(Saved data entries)
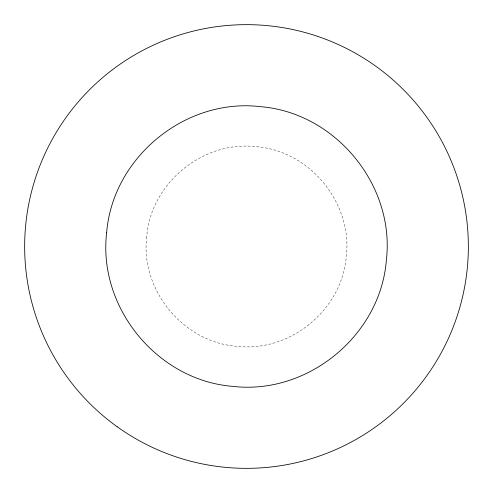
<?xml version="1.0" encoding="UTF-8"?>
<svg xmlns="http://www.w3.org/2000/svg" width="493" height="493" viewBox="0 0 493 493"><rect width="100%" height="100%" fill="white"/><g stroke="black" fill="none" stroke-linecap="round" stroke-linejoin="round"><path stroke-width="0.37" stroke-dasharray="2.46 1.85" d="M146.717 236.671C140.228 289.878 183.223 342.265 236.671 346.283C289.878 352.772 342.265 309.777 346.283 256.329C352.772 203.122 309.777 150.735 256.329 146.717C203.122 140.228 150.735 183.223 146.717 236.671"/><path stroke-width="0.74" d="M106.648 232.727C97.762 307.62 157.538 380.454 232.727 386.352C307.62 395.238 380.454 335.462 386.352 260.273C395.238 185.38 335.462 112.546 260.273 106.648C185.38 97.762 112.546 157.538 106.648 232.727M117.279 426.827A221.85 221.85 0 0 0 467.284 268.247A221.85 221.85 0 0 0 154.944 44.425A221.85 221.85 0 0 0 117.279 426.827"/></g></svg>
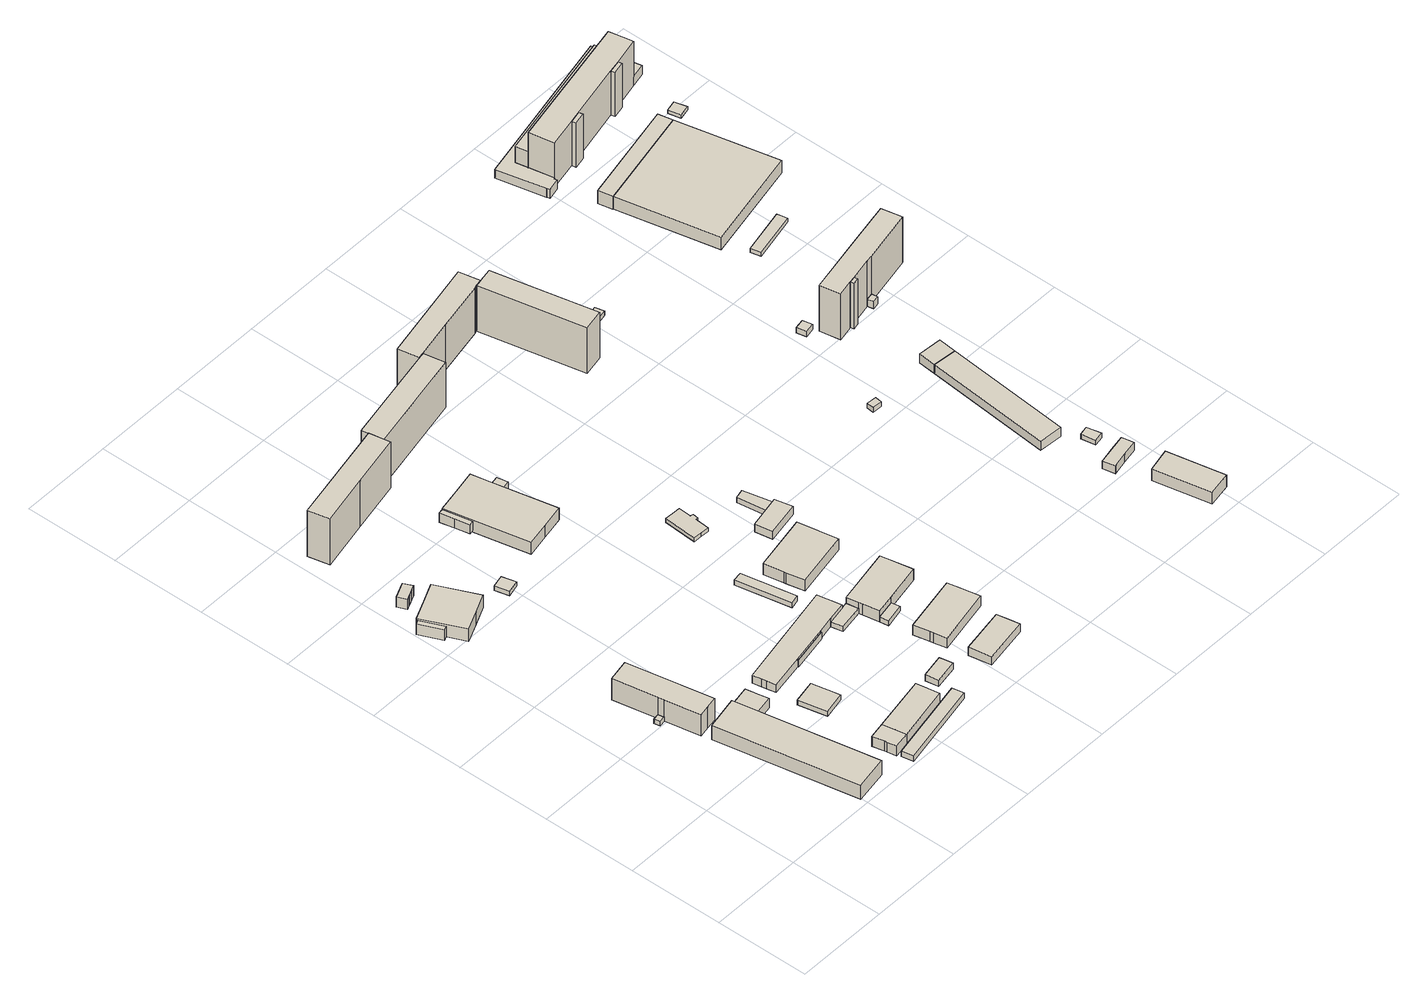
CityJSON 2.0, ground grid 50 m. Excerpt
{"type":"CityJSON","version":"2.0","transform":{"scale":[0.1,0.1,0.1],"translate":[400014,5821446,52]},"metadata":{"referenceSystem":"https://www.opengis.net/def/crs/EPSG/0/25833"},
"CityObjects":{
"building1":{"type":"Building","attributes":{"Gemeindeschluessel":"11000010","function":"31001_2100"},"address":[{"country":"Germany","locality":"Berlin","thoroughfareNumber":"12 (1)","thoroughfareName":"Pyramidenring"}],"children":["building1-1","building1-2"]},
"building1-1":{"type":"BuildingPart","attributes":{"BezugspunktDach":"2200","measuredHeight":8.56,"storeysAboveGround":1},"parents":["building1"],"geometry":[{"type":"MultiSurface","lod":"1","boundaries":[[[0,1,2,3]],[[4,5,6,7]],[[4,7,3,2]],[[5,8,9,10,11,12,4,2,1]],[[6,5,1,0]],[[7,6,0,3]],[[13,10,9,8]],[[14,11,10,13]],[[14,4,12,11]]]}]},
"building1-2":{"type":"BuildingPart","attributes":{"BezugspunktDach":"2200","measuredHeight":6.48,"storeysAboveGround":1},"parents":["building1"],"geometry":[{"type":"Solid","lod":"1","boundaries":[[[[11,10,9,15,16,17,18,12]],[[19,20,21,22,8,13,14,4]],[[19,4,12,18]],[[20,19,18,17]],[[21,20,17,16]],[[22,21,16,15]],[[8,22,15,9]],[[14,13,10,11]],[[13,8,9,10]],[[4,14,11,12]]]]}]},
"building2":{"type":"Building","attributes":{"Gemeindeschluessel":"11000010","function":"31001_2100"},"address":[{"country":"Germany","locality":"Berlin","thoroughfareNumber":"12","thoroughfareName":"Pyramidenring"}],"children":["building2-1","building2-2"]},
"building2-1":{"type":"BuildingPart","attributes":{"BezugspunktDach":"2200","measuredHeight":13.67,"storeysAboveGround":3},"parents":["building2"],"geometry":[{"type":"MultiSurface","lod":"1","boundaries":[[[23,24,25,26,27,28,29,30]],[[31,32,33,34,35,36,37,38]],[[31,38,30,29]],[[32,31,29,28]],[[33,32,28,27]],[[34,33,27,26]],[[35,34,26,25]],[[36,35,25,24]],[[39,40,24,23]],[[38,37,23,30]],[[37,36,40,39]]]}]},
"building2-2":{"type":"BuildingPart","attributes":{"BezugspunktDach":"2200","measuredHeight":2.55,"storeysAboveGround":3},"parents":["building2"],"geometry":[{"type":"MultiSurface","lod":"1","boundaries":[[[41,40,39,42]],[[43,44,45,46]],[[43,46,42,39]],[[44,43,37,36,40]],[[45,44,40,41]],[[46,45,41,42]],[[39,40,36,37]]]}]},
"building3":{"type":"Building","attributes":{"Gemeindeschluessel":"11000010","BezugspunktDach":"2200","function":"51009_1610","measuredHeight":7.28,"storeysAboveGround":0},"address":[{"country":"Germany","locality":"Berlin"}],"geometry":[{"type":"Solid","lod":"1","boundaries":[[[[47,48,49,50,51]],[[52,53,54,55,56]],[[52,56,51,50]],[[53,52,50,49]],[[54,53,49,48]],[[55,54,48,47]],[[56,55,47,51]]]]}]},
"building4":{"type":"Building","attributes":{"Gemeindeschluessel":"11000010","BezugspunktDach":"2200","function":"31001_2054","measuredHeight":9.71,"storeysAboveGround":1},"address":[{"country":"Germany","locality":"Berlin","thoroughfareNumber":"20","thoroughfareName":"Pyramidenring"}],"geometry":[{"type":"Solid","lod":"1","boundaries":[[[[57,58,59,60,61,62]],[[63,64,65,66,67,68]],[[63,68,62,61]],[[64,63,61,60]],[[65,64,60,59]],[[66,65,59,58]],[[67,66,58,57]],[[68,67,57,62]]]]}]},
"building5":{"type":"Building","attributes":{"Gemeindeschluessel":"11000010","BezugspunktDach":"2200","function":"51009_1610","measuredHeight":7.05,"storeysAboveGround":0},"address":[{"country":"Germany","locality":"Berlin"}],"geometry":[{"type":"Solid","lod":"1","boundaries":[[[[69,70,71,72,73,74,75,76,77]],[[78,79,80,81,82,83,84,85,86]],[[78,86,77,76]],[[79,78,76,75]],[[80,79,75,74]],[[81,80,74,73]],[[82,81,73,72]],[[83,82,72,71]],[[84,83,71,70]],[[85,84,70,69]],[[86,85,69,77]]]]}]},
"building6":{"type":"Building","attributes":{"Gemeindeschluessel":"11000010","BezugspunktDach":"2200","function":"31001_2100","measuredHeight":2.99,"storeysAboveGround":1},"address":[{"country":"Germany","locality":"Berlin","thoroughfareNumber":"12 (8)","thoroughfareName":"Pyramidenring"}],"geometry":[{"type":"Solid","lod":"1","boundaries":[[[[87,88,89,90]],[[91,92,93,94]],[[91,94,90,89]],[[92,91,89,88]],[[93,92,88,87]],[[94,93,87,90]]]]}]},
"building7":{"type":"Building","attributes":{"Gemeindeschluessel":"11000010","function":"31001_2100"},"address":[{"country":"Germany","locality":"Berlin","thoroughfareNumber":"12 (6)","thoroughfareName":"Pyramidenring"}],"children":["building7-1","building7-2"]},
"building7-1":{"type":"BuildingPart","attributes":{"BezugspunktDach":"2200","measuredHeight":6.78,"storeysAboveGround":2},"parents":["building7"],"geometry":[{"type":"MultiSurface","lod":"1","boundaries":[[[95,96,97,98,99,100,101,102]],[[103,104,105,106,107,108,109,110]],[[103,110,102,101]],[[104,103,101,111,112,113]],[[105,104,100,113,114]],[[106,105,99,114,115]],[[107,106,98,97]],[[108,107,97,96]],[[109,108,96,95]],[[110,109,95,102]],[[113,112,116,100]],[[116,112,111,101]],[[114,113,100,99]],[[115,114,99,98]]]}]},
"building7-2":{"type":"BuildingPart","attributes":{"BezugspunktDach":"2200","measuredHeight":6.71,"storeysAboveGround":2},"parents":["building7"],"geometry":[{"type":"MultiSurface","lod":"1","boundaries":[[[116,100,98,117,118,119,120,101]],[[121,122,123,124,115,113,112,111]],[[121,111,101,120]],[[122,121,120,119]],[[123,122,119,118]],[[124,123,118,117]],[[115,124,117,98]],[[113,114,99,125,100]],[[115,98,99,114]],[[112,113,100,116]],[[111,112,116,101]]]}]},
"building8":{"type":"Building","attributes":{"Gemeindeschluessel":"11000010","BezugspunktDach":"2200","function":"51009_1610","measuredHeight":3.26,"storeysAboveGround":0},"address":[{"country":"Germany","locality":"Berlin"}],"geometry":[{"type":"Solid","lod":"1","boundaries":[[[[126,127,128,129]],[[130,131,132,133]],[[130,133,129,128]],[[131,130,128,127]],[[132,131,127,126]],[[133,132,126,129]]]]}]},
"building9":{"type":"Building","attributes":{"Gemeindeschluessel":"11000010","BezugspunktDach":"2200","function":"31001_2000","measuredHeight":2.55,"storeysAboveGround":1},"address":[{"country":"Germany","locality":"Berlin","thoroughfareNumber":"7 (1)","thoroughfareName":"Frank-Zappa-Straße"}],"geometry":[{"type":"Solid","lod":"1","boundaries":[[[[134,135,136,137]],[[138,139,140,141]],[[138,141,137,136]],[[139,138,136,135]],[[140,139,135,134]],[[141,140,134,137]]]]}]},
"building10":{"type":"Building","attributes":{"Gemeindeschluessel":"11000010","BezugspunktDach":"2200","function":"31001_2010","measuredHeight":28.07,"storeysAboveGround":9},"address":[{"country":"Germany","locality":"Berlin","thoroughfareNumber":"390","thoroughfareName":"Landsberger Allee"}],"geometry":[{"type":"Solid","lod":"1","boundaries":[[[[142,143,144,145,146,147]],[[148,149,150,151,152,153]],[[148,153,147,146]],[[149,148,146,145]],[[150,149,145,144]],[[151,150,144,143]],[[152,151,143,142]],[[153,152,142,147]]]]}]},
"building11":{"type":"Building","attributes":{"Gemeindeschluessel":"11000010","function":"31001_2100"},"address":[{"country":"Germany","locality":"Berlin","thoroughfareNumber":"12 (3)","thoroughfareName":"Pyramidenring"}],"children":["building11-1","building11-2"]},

= What to produce =
What lines hold the string "CityJSON"? Pick them out of the data.

= Response to the exercise =
CityJSON 2.0, ground grid 50 m. Excerpt
{"type":"CityJSON","version":"2.0","transform":{"scale":[0.1,0.1,0.1],"translate":[400014,5821446,52]},"metadata":{"referenceSystem":"https://www.opengis.net/def/crs/EPSG/0/25833"},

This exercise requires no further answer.